Brief — Look below for the line containing "#22=AXIS2_PLACEMENT_3D('',#19,#20,#21);" and the line containing "#37=DIRECTION('',(0.,0.,1.));"; repeat exactly those two lines and all lines between them, and nothing else.

[Dataset entries]
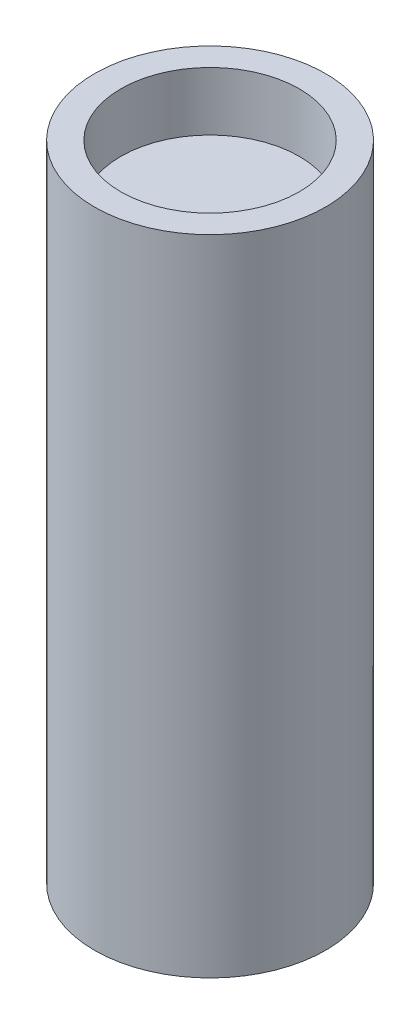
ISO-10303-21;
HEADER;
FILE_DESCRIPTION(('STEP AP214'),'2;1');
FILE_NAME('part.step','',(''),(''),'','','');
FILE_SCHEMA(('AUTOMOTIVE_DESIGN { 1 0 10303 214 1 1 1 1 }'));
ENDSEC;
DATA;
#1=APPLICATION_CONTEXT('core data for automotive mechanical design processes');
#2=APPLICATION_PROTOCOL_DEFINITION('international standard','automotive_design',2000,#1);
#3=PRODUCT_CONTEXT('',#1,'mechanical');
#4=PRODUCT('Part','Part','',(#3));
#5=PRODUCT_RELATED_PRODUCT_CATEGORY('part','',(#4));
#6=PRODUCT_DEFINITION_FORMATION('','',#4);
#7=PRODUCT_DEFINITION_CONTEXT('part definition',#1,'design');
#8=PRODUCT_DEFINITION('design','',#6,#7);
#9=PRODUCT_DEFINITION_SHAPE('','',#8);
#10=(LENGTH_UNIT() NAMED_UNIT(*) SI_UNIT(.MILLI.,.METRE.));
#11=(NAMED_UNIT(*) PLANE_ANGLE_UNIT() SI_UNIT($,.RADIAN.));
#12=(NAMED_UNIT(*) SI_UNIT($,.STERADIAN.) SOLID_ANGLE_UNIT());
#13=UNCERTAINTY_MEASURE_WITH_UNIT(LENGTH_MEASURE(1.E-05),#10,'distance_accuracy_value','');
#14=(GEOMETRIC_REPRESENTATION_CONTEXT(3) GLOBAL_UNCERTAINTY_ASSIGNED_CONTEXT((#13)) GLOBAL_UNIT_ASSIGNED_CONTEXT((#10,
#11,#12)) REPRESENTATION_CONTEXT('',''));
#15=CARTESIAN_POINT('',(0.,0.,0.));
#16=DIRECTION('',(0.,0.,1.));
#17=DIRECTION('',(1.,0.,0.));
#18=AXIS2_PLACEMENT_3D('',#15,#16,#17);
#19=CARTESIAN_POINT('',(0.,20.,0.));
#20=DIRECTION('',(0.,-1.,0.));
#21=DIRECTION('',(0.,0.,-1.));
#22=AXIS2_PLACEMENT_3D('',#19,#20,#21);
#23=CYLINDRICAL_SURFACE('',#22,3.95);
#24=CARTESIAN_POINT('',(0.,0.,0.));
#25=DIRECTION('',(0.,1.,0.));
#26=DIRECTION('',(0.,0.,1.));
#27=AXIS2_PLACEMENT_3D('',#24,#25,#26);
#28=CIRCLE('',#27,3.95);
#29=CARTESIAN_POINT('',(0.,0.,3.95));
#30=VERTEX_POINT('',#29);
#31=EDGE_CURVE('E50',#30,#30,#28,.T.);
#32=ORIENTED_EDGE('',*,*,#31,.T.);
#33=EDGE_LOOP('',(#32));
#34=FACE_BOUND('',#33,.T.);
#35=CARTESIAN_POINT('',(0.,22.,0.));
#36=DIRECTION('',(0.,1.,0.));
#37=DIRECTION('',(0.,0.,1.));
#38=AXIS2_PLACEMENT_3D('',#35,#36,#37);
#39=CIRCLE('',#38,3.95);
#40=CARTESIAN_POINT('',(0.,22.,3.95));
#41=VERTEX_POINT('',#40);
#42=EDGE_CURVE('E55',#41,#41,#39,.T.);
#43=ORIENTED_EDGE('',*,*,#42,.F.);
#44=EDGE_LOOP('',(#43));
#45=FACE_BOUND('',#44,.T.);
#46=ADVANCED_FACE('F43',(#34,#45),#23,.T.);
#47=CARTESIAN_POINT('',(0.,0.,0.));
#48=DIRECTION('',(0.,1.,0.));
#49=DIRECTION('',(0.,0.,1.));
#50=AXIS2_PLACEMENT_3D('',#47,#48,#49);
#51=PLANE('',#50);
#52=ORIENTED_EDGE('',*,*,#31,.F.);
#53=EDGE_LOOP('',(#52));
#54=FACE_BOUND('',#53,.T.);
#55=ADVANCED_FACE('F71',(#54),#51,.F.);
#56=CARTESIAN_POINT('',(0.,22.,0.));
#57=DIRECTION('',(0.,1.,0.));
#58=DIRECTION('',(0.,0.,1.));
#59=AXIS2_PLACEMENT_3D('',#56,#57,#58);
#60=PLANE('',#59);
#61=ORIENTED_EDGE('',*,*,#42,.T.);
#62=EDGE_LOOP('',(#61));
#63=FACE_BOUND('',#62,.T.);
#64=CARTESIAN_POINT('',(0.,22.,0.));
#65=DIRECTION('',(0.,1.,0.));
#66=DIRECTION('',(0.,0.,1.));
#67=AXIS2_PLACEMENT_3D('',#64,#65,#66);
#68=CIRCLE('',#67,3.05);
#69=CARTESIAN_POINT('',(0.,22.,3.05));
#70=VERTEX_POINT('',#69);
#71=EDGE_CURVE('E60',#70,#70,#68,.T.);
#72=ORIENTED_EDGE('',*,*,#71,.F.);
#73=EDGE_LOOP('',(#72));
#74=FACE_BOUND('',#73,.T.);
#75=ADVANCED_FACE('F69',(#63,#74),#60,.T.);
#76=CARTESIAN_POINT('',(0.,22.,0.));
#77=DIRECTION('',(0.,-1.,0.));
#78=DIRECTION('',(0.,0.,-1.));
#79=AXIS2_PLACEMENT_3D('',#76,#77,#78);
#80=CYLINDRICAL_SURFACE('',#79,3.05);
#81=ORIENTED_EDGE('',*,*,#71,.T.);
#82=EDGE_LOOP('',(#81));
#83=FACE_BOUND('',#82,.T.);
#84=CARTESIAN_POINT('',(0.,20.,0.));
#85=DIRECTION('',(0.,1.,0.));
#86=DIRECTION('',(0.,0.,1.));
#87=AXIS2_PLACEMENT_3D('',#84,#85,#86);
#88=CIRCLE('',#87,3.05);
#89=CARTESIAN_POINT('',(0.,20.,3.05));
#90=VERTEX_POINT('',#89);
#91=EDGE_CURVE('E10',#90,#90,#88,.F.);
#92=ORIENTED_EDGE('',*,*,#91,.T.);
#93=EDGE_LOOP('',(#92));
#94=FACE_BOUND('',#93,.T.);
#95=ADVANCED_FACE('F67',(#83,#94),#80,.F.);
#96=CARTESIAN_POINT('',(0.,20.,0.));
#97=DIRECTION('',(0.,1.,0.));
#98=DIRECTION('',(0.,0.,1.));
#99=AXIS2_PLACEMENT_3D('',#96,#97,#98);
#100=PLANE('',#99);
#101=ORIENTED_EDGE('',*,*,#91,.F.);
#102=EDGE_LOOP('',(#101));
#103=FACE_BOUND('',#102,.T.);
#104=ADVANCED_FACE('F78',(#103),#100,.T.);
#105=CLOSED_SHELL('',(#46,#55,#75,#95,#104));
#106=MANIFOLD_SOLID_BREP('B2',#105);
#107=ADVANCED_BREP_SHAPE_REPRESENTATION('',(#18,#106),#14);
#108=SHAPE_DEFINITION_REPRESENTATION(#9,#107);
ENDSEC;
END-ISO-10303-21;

Answer space —
#22=AXIS2_PLACEMENT_3D('',#19,#20,#21);
#23=CYLINDRICAL_SURFACE('',#22,3.95);
#24=CARTESIAN_POINT('',(0.,0.,0.));
#25=DIRECTION('',(0.,1.,0.));
#26=DIRECTION('',(0.,0.,1.));
#27=AXIS2_PLACEMENT_3D('',#24,#25,#26);
#28=CIRCLE('',#27,3.95);
#29=CARTESIAN_POINT('',(0.,0.,3.95));
#30=VERTEX_POINT('',#29);
#31=EDGE_CURVE('E50',#30,#30,#28,.T.);
#32=ORIENTED_EDGE('',*,*,#31,.T.);
#33=EDGE_LOOP('',(#32));
#34=FACE_BOUND('',#33,.T.);
#35=CARTESIAN_POINT('',(0.,22.,0.));
#36=DIRECTION('',(0.,1.,0.));
#37=DIRECTION('',(0.,0.,1.));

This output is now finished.